• [Work item]: Find the lines of data that contain the string "IntegratorMethod", then list them.

• [Source material]:
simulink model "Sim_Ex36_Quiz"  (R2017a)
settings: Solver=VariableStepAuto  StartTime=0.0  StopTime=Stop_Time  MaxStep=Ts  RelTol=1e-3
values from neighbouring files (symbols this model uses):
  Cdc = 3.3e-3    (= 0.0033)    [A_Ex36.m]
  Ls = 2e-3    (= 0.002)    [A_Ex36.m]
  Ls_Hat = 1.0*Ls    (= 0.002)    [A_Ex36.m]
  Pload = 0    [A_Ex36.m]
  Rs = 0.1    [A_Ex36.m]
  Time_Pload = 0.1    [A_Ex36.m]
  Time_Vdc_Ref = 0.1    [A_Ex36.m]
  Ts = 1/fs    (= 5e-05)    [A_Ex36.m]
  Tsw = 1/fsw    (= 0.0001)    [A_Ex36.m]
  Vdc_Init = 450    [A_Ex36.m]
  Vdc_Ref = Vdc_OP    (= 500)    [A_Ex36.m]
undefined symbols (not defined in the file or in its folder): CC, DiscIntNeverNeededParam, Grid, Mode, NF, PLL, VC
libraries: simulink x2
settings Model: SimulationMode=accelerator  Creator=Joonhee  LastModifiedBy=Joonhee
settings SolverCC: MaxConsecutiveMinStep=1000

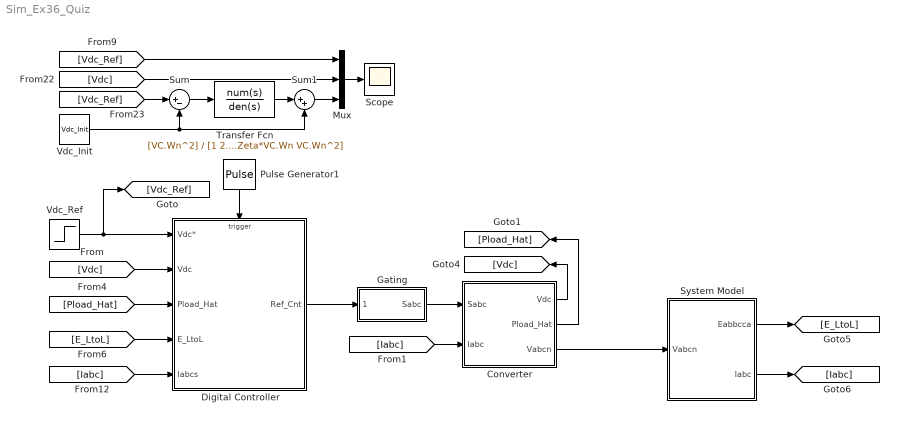
== system Sim_Ex36_Quiz ==
  Converter : Subsystem
  Digital Controller : Subsystem
  Gating : Subsystem
  Mux : Mux  Inputs=3
  Pulse Generator1 : DiscretePulseGenerator  PulseType=Time based  Period=Ts  PulseWidth=50
  Scope : Scope
  Sum : Sum  Inputs=|+-
  Sum1 : Sum  Inputs=|++
  System Model : Subsystem
  Transfer Fcn : TransferFcn  Numerator=[VC.Wn^2]  Denominator=[1 2*VC.Zeta*VC.Wn VC.Wn^2]
  Vdc_Init : Constant  Value=Vdc_Init
  Vdc_Ref : Step  Time=Time_Vdc_Ref  Before=Vdc_Init  After=Vdc_Ref  SampleTime=0
  wires:
  System Model/2(Iabc) -> [Iabc]
  [E_LtoL] -> Digital Controller/4(E_LtoL)
  Gating/1(Sabc) -> Converter/1(Sabc)
  System Model/1(Eabbcca) -> [E_LtoL]
  [Iabc] -> Converter/2(Iabc)
  [Iabc] -> Digital Controller/5(Iabcs)
  Pulse Generator1/1 -> Digital Controller/Trigger
  Converter/3(Vabcn) -> System Model/1(Vabcn)
  Digital Controller/1(Ref_Cnt) -> Gating/1(Ref_Cnt)
  Converter/1(Vdc) -> [Vdc]
  [Vdc] -> Digital Controller/2(Vdc)
  Vdc_Ref/1 -> [Vdc_Ref], Digital Controller/1(Vdc*)
  Converter/2(Pload_Hat) -> [Pload_Hat]
  [Pload_Hat] -> Digital Controller/3(Pload_Hat)
  [Vdc] -> Mux/2
  Sum1/1 -> Mux/3
  Mux/1 -> Scope/1
  Sum/1 -> Transfer Fcn/1
  [Vdc_Ref] -> Mux/1
  Vdc_Init/1 -> Sum1/2, Sum/2
  Transfer Fcn/1 -> Sum1/1
  [Vdc_Ref] -> Sum/1

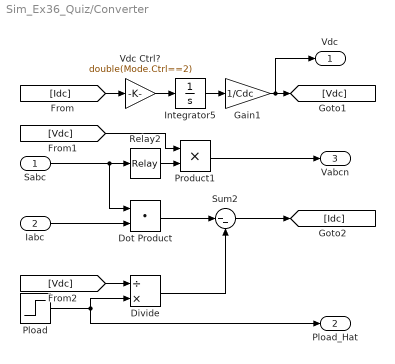
== system Sim_Ex36_Quiz/Converter ==
  Sabc : Inport
  Iabc : Inport  Port=2
  Divide : Product  Inputs=/*
  Dot Product : DotProduct  InputSameDT=on  OutDataTypeStr=Inherit: Inherit via internal rule
  Gain1 : Gain  Gain=1/Cdc
  Integrator5 : Integrator  InitialCondition=Cdc*Vdc_Init  LowerSaturationLimit=0
  Pload : Step  Time=Time_Pload  After=Pload  SampleTime=0
  Product1 : Product  RndMeth=Zero
  Relay2 : Relay  OnSwitchValue=0.5  OffSwitchValue=0.5  OnOutputValue=1/2  OffOutputValue=-1/2  OutDataTypeStr=double
  Sum2 : Sum  Inputs=|--
  Vdc Ctrl? : Gain  Gain=double(Mode.Ctrl==2)
  Vdc : Outport
  Pload_Hat : Outport  Port=2
  Vabcn : Outport  Port=3
  wires:
  [Vdc] -> Product1/1
  Sabc/1 -> Dot Product/1, Relay2/1
  Relay2/1 -> Product1/2
  Iabc/1 -> Dot Product/2
  Dot Product/1 -> Sum2/1
  Divide/1 -> Sum2/2
  Sum2/1 -> [Idc]
  Vdc Ctrl?/1 -> Integrator5/1
  Integrator5/1 -> Gain1/1
  Gain1/1 -> Vdc/1, [Vdc]
  [Idc] -> Vdc Ctrl?/1
  Product1/1 -> Vabcn/1
  [Vdc] -> Divide/1
  Pload/1 -> Pload_Hat/1, Divide/2

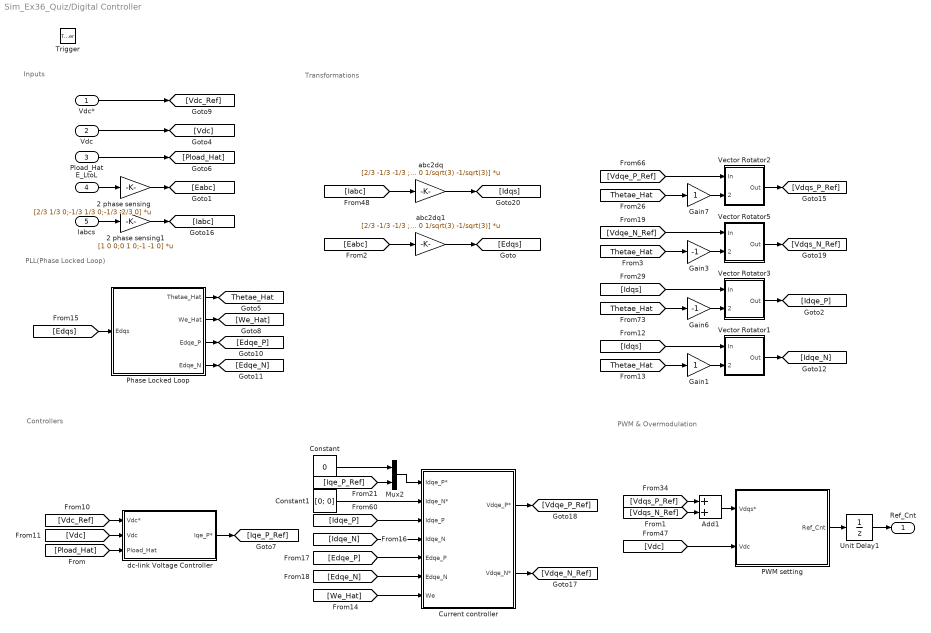
== system Sim_Ex36_Quiz/Digital Controller ==
  note: Controllers
  note: PLL(Phase Locked Loop)
  note: Inputs
  note: Transformations
  note: PWM & Overmodulation
  Vdc* : Inport
  Vdc : Inport  Port=2
  Pload_Hat : Inport  Port=3
  E_LtoL : Inport  Port=4
  Iabcs : Inport  Port=5
  Trigger : TriggerPort  VariantControl=Variant
  2 phase sensing : Gain  Gain=[2/3 1/3 0;-1/3 1/3 0;-1/3 -2/3 0]  Multiplication=Matrix(K*u)  SaturateOnIntegerOverflow=on  OutDataTypeStr=Inherit: Same as input  ParamDataTypeStr=Inherit: Same as input
  2 phase sensing1 : Gain  Gain=[1 0 0;0 1 0;-1 -1 0]  Multiplication=Matrix(K*u)  SaturateOnIntegerOverflow=on  OutDataTypeStr=Inherit: Same as input  ParamDataTypeStr=Inherit: Same as input
  Add1 : Sum
  Constant : Constant  Value=0
  Constant1 : Constant  Value=[0; 0]
  Current controller : Subsystem
  Gain1 : Gain
  Gain3 : Gain  Gain=-1
  Gain6 : Gain  Gain=-1
  Gain7 : Gain
  Mux2 : Mux  Inputs=2
  PWM setting : Subsystem
  Phase Locked Loop : Subsystem
  Unit Delay1 : UnitDelay  SampleTime=-1
  Vector Rotator1 : Subsystem
  Vector Rotator2 : Subsystem
  Vector Rotator3 : Subsystem
  Vector Rotator5 : Subsystem
  abc2dq : Gain  Gain=[2/3 -1/3 -1/3 ; 0 1/sqrt(3) -1/sqrt(3)]  Multiplication=Matrix(K*u)  SaturateOnIntegerOverflow=on  OutDataTypeStr=Inherit: Same as input  ParamDataTypeStr=Inherit: Same as input
  abc2dq1 : Gain  Gain=[2/3 -1/3 -1/3 ; 0 1/sqrt(3) -1/sqrt(3)]  Multiplication=Matrix(K*u)  SaturateOnIntegerOverflow=on  OutDataTypeStr=Inherit: Same as input  ParamDataTypeStr=Inherit: Same as input
  dc-link Voltage Controller : Subsystem
  Ref_Cnt : Outport  InitialOutput=[0]
  tag scope: Thetae_Hat=global
  wires:
  [Idqe_P] -> Current controller/3(Idqe_P)
  abc2dq/1 -> [Idqs]
  [Iabc] -> abc2dq/1
  [We_Hat] -> Current controller/7(We)
  Unit Delay1/1 -> Ref_Cnt/1
  [Thetae_Hat] -> Gain7/1
  Gain7/1 -> Vector Rotator2/2(Theta)
  [Vdqe_P_Ref] -> Vector Rotator2/1(In)
  Vector Rotator2/1(Out) -> [Vdqs_P_Ref]
  Gain6/1 -> Vector Rotator3/2(Theta)
  [Idqs] -> Vector Rotator3/1(In)
  Vector Rotator3/1(Out) -> [Idqe_P]
  [Thetae_Hat] -> Gain6/1
  Iabcs/1 -> 2 phase sensing1/1
  2 phase sensing1/1 -> [Iabc]
  [Edqs] -> Phase Locked Loop/1(Edqs)
  2 phase sensing/1 -> [Eabc]
  E_LtoL/1 -> 2 phase sensing/1
  [Eabc] -> abc2dq1/1
  abc2dq1/1 -> [Edqs]
  Phase Locked Loop/2(We_Hat) -> [We_Hat]
  [Edqe_P] -> Current controller/5(Edqe_P)
  [Edqe_N] -> Current controller/6(Edqe_N)
  [Thetae_Hat] -> Gain1/1
  Vector Rotator1/1(Out) -> [Idqe_N]
  Gain1/1 -> Vector Rotator1/2(Theta)
  [Idqs] -> Vector Rotator1/1(In)
  Current controller/2(Vdqe_N*) -> [Vdqe_N_Ref]
  [Idqe_N] -> Current controller/4(Idqe_N)
  Vector Rotator5/1(Out) -> [Vdqs_N_Ref]
  [Vdqe_N_Ref] -> Vector Rotator5/1(In)
  Gain3/1 -> Vector Rotator5/2(Theta)
  [Thetae_Hat] -> Gain3/1
  Phase Locked Loop/3(Edqe_P) -> [Edqe_P]
  Phase Locked Loop/4(Edqe_N) -> [Edqe_N]
  Phase Locked Loop/1(Thetae_Hat) -> [Thetae_Hat]
  Current controller/1(Vdqe_P*) -> [Vdqe_P_Ref]
  Vdc/1 -> [Vdc]
  dc-link Voltage Controller/1(Iqe_P*) -> [Iqe_P_Ref]
  [Vdc] -> dc-link Voltage Controller/2(Vdc)
  [Vdc_Ref] -> dc-link Voltage Controller/1(Vdc*)
  Vdc*/1 -> [Vdc_Ref]
  [Iqe_P_Ref] -> Mux2/2
  Mux2/1 -> Current controller/1(Idqe_P*)
  Constant/1 -> Mux2/1
  Pload_Hat/1 -> [Pload_Hat]
  [Pload_Hat] -> dc-link Voltage Controller/3(Pload_Hat)
  [Vdc] -> PWM setting/2(Vdc)
  [Vdqs_P_Ref] -> Add1/1
  [Vdqs_N_Ref] -> Add1/2
  PWM setting/1(Ref_Cnt) -> Unit Delay1/1
  Add1/1 -> PWM setting/1(Vdqs*)
  Constant1/1 -> Current controller/2(Idqe_N*)

== system Sim_Ex36_Quiz/Gating ==
  Ref_Cnt : Inport
  Add3 : Sum  Inputs=+-
  Relay3 : Relay  OnSwitchValue=10*eps  OffSwitchValue=-10*eps  OutDataTypeStr=double
  Repeating Sequence1 : simulink/Sources/Repeating Sequence  rep_seq_t=[0 Tsw/2 Tsw]  rep_seq_y=[0 1 0]
  Sabc : Outport
  wires:
  Add3/1 -> Relay3/1
  Relay3/1 -> Sabc/1
  Repeating Sequence1/1 -> Add3/2
  Ref_Cnt/1 -> Add3/1

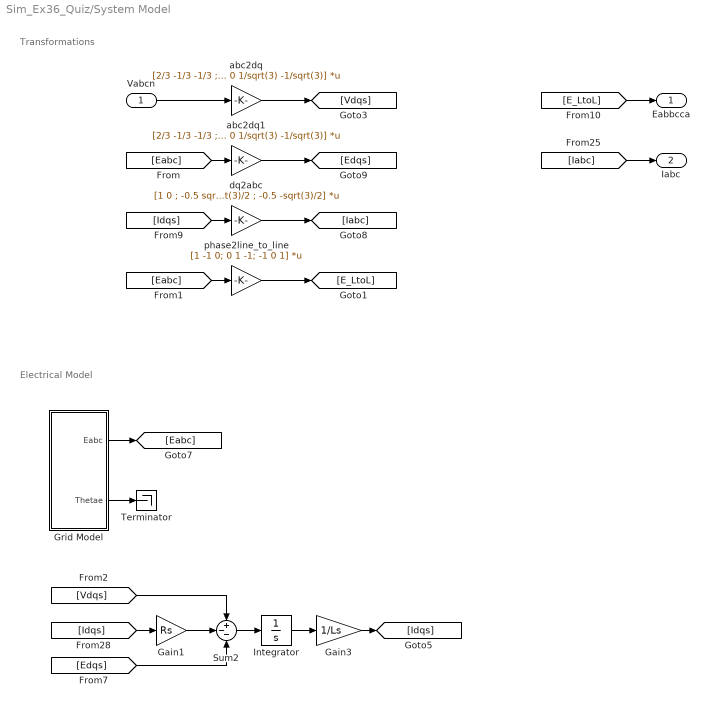
== system Sim_Ex36_Quiz/System Model ==
  note: Electrical Model
  note: Transformations
  Vabcn : Inport
  Gain1 : Gain  Gain=Rs
  Gain3 : Gain  Gain=1/Ls
  Grid Model : Subsystem
  Integrator : Integrator
  Sum2 : Sum  Inputs=+--
  Terminator : Terminator
  abc2dq : Gain  Gain=[2/3 -1/3 -1/3 ; 0 1/sqrt(3) -1/sqrt(3)]  Multiplication=Matrix(K*u)  SaturateOnIntegerOverflow=on  OutDataTypeStr=Inherit: Same as input  ParamDataTypeStr=Inherit: Same as input
  abc2dq1 : Gain  Gain=[2/3 -1/3 -1/3 ; 0 1/sqrt(3) -1/sqrt(3)]  Multiplication=Matrix(K*u)  SaturateOnIntegerOverflow=on  OutDataTypeStr=Inherit: Same as input  ParamDataTypeStr=Inherit: Same as input
  dq2abc : Gain  Gain=[1 0 ; -0.5 sqrt(3)/2 ; -0.5 -sqrt(3)/2]  Multiplication=Matrix(K*u)
  phase2line_to_line : Gain  Gain=[1 -1 0; 0 1 -1; -1 0 1]  Multiplication=Matrix(K*u)
  Eabbcca : Outport
  Iabc : Outport  Port=2
  wires:
  [Idqs] -> Gain1/1
  Vabcn/1 -> abc2dq/1
  [Idqs] -> dq2abc/1
  dq2abc/1 -> [Iabc]
  [Iabc] -> Iabc/1
  [Eabc] -> abc2dq1/1
  abc2dq1/1 -> [Edqs]
  Integrator/1 -> Gain3/1
  Gain3/1 -> [Idqs]
  Sum2/1 -> Integrator/1
  [E_LtoL] -> Eabbcca/1
  abc2dq/1 -> [Vdqs]
  [Vdqs] -> Sum2/1
  [Eabc] -> phase2line_to_line/1
  phase2line_to_line/1 -> [E_LtoL]
  Gain1/1 -> Sum2/2
  [Edqs] -> Sum2/3
  Grid Model/2(Thetae) -> Terminator/1
  Grid Model/1(Eabc) -> [Eabc]

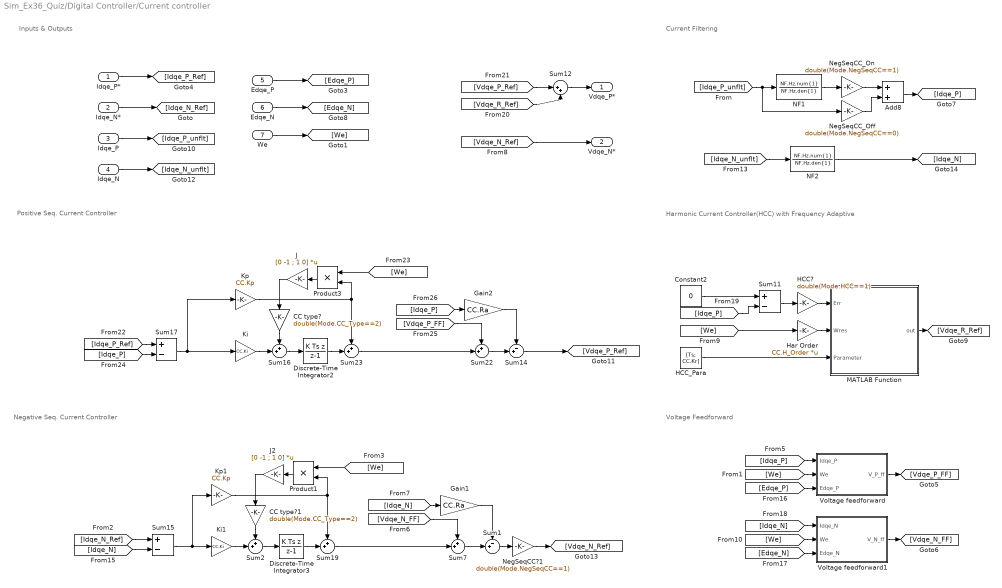
== system Sim_Ex36_Quiz/Digital Controller/Current controller ==
  note: Positive Seq. Current Controller
  note: Negative Seq. Current Controller
  note: Inputs & Outputs
  note: Voltage Feedforward
  note: Harmonic Current Controller(HCC)
      | with Frequency Adaptive
  note: Current Filtering
  Idqe_P* : Inport
  Idqe_N* : Inport  Port=2
  Idqe_P : Inport  Port=3
  Idqe_N : Inport  Port=4
  Edqe_P : Inport  Port=5
  Edqe_N : Inport  Port=6
  We : Inport  Port=7
  Add8 : Sum
  CC type? : Gain  Gain=double(Mode.CC_Type==2)
  CC type?1 : Gain  Gain=double(Mode.CC_Type==2)
  Constant2 : Constant  Value=0
  Discrete-Time Integrator2 : DiscreteIntegrator  IntegratorMethod=Integration: Backward Euler  SampleTime=-1  ICPrevOutput=DiscIntNeverNeededParam  ICPrevScaledInput=DiscIntNeverNeededParam
  Discrete-Time Integrator3 : DiscreteIntegrator  IntegratorMethod=Integration: Backward Euler  SampleTime=-1  ICPrevOutput=DiscIntNeverNeededParam  ICPrevScaledInput=DiscIntNeverNeededParam
  Gain1 : Gain  Gain=CC.Ra
  Gain2 : Gain  Gain=CC.Ra
  HCC? : Gain  Gain=double(Mode.HCC==1)
  HCC_Para : Constant  Value=[Ts; CC.Kr]
  Har Order : Gain  Gain=CC.H_Order  Multiplication=Matrix(K*u)
  J : Gain  Gain=[0 -1 ; 1 0]  Multiplication=Matrix(K*u)
  J2 : Gain  Gain=[0 -1 ; 1 0]  Multiplication=Matrix(K*u)
  Ki : Gain  Gain=CC.Ki  SaturateOnIntegerOverflow=on  OutDataTypeStr=Inherit: Same as input  ParamDataTypeStr=Inherit: Same as input
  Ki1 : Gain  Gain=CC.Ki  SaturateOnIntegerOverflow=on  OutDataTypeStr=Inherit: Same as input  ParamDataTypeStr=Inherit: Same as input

• [Output of the exercise]:
  Discrete-Time Integrator2 : DiscreteIntegrator  IntegratorMethod=Integration: Backward Euler  SampleTime=-1  ICPrevOutput=DiscIntNeverNeededParam  ICPrevScaledInput=DiscIntNeverNeededParam
  Discrete-Time Integrator3 : DiscreteIntegrator  IntegratorMethod=Integration: Backward Euler  SampleTime=-1  ICPrevOutput=DiscIntNeverNeededParam  ICPrevScaledInput=DiscIntNeverNeededParam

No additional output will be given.